# [Exercise directions]
All lines up to and including the one that contains "FMS_EXPORT = Simulink.Parameter(FMS_EXPORT_VALUE)" are to be transcribed exactly, starting from the first line of the records.

# [Data in this exercise]
==========

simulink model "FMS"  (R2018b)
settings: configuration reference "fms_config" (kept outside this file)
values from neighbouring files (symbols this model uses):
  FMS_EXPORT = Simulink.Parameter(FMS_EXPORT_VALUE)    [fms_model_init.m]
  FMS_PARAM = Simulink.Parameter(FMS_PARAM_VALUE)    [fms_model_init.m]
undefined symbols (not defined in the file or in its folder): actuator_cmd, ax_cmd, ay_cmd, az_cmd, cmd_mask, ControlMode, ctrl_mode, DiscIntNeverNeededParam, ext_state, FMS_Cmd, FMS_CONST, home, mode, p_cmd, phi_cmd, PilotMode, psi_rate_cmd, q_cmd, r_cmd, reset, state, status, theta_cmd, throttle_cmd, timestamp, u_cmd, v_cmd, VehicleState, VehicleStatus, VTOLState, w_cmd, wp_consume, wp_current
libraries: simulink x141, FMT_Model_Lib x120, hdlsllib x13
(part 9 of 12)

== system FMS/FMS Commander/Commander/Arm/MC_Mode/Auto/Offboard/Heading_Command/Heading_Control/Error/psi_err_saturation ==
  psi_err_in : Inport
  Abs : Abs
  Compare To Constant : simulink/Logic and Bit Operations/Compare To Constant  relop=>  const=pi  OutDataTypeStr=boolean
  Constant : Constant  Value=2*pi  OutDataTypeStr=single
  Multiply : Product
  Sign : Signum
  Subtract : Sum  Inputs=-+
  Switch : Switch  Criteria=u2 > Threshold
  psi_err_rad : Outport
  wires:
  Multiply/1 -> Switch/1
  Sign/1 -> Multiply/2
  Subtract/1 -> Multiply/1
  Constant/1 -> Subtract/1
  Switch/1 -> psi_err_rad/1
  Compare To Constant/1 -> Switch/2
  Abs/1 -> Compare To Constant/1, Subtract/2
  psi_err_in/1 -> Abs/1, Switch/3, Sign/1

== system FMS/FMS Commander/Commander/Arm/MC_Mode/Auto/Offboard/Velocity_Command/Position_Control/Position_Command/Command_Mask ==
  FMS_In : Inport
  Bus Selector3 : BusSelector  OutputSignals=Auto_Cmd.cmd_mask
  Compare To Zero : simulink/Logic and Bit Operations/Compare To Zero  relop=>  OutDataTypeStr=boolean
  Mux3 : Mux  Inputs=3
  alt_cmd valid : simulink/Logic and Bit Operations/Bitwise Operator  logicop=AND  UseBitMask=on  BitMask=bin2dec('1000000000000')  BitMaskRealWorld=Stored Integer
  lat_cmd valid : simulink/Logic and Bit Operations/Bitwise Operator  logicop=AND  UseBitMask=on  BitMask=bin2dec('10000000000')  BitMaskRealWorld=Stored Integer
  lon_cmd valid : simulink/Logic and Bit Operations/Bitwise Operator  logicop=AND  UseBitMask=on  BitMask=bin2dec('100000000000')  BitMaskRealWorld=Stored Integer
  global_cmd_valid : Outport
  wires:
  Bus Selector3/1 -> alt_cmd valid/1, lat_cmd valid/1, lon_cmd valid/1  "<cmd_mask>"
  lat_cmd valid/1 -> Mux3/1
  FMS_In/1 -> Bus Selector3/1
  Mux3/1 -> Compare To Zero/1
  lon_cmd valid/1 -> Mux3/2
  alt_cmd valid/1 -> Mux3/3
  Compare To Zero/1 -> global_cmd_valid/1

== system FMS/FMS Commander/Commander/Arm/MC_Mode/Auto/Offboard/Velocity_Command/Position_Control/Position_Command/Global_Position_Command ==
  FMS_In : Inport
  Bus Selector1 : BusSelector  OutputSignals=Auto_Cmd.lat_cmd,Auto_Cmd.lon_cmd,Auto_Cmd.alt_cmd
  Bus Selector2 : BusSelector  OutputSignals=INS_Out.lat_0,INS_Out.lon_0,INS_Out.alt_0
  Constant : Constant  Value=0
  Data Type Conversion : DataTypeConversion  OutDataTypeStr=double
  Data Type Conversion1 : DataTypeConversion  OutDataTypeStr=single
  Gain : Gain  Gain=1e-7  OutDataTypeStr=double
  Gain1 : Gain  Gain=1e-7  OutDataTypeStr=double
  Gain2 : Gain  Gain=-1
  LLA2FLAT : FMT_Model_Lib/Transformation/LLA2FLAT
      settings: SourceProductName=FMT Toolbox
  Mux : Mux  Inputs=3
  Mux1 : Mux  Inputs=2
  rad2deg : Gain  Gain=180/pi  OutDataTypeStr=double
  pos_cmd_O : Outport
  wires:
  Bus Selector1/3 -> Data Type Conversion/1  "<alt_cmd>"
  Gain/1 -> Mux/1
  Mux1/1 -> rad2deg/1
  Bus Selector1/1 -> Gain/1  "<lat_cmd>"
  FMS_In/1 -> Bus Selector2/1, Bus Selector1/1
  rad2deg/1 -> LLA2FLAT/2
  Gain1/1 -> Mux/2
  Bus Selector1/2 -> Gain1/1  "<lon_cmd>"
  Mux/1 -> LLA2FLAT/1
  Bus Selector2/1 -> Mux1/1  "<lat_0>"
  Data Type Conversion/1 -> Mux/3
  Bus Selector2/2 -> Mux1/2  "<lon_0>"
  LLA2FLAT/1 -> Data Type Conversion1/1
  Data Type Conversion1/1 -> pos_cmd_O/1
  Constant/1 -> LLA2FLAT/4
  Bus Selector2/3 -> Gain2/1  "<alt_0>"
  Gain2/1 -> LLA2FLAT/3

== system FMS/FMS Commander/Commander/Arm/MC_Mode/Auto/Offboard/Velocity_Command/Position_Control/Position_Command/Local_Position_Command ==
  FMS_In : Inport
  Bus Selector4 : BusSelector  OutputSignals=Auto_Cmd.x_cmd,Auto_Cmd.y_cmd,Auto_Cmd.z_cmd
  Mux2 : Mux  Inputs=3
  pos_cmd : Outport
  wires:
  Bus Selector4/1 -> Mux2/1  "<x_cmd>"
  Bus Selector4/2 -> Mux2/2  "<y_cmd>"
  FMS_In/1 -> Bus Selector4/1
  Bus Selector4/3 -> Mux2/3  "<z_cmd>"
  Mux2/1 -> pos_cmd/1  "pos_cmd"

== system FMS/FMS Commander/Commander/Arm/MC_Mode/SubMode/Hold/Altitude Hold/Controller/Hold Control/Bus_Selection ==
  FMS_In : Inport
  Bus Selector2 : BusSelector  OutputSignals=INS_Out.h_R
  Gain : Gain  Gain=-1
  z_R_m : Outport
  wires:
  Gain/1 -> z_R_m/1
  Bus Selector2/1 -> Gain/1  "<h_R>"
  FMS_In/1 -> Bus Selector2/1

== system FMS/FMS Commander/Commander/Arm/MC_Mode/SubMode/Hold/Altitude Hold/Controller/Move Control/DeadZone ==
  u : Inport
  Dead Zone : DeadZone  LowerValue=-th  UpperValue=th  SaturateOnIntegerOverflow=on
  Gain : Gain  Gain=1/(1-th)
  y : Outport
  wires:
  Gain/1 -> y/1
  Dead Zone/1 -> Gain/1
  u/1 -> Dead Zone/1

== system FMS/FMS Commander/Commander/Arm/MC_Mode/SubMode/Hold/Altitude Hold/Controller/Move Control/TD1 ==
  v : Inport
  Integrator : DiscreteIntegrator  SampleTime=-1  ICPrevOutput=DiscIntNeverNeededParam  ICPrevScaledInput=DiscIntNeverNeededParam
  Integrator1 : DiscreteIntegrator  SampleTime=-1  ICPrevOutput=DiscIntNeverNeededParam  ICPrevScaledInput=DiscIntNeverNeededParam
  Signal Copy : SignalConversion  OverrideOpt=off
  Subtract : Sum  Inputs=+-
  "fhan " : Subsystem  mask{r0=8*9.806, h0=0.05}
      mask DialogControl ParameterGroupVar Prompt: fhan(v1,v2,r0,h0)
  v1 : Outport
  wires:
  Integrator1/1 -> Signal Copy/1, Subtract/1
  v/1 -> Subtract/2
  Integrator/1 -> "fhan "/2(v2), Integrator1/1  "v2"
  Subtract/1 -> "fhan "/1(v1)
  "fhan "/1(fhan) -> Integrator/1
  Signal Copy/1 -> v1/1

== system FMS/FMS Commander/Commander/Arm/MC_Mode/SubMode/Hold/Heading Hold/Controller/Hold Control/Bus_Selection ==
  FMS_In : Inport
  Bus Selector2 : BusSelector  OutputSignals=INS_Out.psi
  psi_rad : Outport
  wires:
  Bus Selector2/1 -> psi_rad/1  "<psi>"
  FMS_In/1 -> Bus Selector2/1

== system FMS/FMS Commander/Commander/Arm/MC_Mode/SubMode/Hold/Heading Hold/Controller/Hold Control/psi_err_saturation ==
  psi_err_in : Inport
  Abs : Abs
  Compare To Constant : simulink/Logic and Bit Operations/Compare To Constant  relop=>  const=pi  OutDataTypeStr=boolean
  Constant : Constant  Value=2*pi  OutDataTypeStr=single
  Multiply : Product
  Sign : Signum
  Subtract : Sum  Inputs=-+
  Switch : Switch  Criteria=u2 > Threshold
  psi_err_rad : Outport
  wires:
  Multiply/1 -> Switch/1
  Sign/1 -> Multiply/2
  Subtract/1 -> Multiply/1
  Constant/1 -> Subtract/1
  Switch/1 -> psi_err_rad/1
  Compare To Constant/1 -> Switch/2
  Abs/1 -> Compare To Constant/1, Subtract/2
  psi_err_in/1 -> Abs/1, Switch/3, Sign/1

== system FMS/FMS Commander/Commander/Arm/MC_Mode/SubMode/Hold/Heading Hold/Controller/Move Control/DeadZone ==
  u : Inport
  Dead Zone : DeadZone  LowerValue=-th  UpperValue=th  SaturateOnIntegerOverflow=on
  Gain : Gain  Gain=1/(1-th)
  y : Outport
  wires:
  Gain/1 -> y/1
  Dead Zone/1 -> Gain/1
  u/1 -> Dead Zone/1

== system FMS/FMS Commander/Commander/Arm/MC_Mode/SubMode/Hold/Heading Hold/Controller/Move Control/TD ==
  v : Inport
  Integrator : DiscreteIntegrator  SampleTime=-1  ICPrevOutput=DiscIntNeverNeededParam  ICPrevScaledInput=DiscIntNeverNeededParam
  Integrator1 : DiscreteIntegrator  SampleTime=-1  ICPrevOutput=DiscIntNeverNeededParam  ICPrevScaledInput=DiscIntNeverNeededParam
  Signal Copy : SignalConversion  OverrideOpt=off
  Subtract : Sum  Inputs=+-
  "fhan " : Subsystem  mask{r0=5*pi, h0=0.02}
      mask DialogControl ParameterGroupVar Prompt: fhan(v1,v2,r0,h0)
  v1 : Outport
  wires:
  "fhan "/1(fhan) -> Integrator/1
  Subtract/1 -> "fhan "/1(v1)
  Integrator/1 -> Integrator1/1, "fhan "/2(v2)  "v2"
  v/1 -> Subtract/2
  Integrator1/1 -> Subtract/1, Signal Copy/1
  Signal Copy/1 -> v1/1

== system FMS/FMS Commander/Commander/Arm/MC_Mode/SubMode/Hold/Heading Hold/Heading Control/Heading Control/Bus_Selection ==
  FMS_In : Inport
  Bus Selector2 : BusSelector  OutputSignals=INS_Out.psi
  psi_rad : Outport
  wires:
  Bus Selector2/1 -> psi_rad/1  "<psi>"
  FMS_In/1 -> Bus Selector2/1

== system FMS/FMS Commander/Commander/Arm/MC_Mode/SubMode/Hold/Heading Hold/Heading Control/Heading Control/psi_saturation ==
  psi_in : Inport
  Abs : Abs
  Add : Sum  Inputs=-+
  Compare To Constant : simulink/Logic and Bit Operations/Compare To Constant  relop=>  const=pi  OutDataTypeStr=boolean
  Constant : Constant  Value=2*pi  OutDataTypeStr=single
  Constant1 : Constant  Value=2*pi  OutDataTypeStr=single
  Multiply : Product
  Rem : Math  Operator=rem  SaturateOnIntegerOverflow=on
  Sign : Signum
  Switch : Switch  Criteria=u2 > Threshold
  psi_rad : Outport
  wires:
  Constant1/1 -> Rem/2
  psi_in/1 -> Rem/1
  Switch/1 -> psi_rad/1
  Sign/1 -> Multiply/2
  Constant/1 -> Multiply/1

==========

# [Result of the exercise]
simulink model "FMS"  (R2018b)
settings: configuration reference "fms_config" (kept outside this file)
values from neighbouring files (symbols this model uses):
  FMS_EXPORT = Simulink.Parameter(FMS_EXPORT_VALUE)    [fms_model_init.m]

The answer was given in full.